## TASK OBJECTIVE
Print the material below exactly as it stands, please, from its first line to the line holding "doc.units = ezdxf.units.MM", with no pictures.

## SUPPLIED ENTRIES
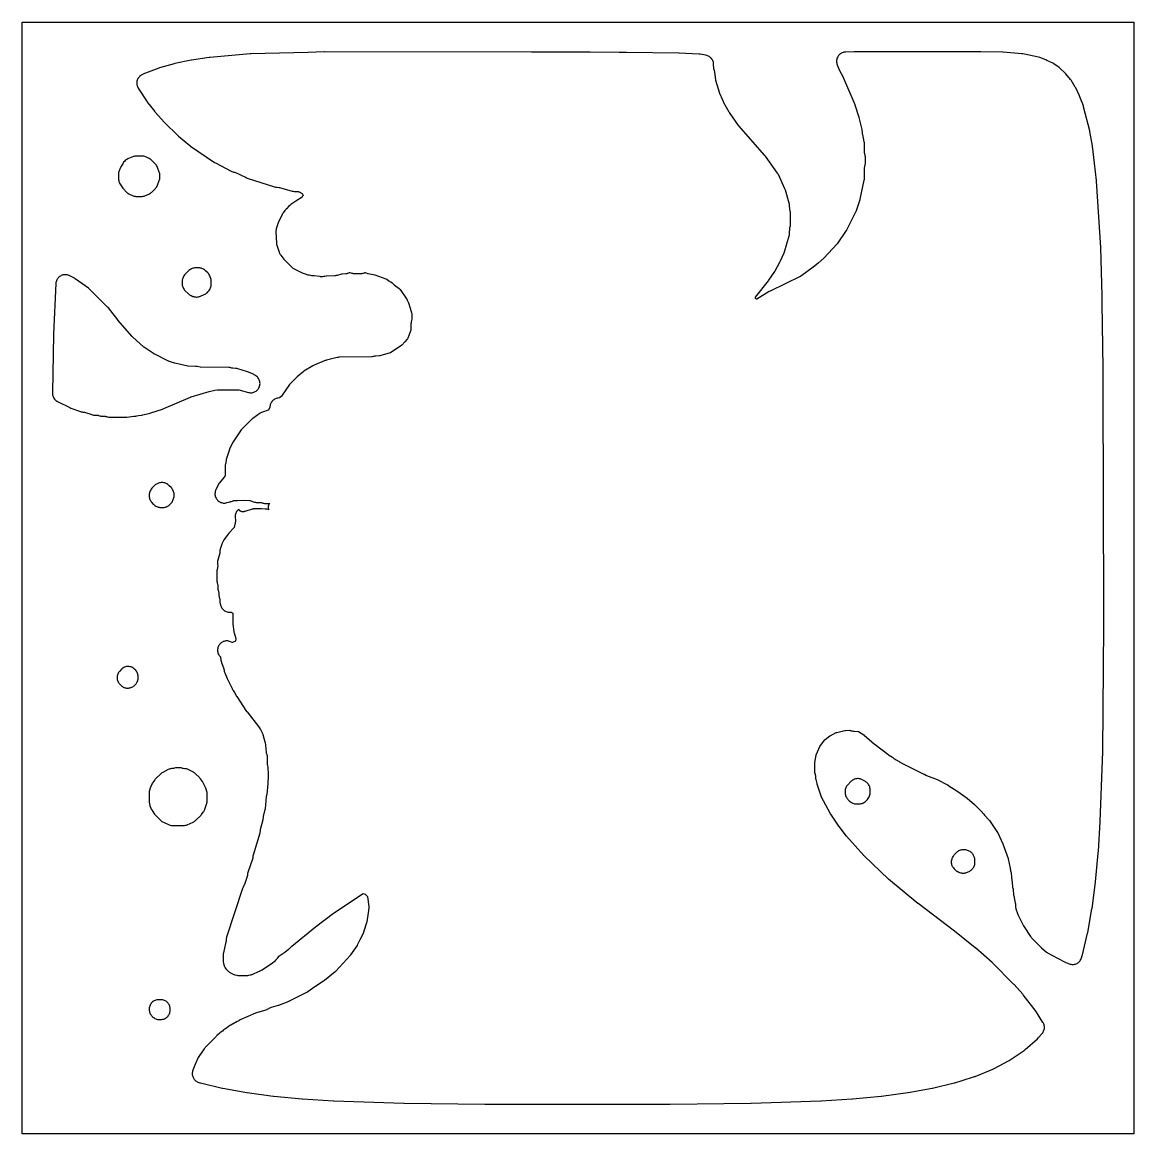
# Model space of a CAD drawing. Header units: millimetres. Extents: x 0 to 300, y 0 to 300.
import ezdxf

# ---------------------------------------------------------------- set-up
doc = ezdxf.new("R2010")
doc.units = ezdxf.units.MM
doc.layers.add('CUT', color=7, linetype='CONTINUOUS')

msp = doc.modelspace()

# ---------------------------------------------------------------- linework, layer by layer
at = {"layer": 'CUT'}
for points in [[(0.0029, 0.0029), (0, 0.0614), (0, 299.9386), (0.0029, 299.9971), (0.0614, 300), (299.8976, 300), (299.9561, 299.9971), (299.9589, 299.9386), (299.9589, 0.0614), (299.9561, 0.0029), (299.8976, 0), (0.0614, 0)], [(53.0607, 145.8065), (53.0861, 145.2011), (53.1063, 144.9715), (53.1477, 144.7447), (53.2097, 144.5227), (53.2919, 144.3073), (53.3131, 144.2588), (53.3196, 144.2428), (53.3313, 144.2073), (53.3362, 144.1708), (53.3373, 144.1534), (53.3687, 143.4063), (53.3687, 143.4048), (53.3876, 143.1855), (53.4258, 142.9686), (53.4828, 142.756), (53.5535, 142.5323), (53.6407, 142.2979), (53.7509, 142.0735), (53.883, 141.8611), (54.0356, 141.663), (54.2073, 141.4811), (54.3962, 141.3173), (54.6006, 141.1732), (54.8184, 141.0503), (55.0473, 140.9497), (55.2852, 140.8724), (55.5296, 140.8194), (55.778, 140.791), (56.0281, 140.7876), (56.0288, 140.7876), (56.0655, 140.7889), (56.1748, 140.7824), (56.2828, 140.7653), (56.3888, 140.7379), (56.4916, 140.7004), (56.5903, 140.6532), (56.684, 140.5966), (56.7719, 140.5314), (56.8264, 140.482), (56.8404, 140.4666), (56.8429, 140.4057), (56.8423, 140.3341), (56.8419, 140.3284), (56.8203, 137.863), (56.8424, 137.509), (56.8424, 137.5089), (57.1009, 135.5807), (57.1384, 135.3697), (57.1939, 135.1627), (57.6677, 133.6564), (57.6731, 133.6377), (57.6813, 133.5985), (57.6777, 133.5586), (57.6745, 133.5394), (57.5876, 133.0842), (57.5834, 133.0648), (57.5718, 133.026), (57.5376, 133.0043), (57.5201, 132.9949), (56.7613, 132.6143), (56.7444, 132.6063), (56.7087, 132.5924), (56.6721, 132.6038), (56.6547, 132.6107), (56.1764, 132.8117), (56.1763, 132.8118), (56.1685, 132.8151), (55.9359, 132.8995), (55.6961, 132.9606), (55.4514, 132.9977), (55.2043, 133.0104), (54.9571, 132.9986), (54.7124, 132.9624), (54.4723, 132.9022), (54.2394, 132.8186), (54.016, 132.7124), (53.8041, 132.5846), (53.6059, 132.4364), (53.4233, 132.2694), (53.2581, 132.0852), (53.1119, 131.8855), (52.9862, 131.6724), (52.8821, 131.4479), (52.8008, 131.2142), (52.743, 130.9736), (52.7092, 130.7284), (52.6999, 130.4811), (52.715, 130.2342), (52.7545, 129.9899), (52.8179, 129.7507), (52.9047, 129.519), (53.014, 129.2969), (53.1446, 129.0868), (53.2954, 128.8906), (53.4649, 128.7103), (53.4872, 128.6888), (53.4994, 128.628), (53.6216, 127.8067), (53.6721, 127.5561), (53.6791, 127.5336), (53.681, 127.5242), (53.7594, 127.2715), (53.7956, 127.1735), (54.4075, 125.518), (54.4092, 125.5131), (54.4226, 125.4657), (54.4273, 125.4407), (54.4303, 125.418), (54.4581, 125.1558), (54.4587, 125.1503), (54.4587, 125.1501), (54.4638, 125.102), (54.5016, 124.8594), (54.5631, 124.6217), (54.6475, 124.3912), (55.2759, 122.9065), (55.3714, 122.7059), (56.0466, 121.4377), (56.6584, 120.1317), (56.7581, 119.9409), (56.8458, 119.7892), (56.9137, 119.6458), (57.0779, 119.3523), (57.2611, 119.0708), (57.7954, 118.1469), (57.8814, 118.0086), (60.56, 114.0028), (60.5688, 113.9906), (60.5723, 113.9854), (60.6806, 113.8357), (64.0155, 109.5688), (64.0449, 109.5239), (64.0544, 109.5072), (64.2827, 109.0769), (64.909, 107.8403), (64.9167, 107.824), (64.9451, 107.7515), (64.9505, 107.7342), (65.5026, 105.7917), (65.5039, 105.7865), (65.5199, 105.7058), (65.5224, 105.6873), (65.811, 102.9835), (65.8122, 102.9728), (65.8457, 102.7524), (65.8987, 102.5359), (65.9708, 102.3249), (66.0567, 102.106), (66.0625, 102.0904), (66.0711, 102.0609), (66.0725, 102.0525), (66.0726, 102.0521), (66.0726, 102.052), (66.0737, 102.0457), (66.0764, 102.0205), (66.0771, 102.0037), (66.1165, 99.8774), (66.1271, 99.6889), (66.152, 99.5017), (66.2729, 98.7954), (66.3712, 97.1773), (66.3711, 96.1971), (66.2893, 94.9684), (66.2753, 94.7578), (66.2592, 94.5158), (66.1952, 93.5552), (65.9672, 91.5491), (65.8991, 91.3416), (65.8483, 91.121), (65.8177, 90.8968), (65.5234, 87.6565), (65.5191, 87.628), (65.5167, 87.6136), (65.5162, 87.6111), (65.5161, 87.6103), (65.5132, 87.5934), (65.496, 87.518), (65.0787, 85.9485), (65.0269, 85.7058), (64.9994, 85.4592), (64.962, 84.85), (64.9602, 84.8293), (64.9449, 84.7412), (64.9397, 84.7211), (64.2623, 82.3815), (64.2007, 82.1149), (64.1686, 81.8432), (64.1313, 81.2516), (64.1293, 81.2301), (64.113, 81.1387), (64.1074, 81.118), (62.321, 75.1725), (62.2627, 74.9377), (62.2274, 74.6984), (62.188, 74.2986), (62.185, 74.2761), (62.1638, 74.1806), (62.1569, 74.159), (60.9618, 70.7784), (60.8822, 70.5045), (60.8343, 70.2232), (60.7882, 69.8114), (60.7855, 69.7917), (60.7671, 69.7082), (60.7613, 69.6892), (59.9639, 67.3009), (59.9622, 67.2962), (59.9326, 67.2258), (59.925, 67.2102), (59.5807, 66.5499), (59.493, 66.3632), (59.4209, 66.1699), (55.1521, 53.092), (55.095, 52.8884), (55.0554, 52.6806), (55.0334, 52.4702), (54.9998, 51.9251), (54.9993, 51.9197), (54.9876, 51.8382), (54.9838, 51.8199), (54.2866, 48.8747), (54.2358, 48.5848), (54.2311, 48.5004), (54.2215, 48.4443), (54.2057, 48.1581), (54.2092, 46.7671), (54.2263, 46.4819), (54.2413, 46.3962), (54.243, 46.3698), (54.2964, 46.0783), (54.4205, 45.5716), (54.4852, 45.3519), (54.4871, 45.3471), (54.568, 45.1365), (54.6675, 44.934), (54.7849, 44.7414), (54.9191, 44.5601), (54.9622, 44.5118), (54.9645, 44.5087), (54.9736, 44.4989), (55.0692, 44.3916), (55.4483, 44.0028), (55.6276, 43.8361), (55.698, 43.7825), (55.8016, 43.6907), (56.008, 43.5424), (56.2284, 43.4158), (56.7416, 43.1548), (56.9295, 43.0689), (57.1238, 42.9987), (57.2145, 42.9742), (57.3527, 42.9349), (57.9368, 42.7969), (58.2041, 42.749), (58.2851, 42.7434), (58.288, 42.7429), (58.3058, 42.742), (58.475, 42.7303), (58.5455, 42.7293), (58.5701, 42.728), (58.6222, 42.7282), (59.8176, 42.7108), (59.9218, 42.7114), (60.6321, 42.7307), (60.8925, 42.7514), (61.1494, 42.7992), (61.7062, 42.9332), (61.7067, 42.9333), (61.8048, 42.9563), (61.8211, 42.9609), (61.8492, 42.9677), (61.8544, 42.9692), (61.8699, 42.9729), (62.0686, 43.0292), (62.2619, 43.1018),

## TASK RESULT
# Model space of a CAD drawing. Header units: millimetres. Extents: x 0 to 300, y 0 to 300.
import ezdxf

# ---------------------------------------------------------------- set-up
doc = ezdxf.new("R2010")
doc.units = ezdxf.units.MM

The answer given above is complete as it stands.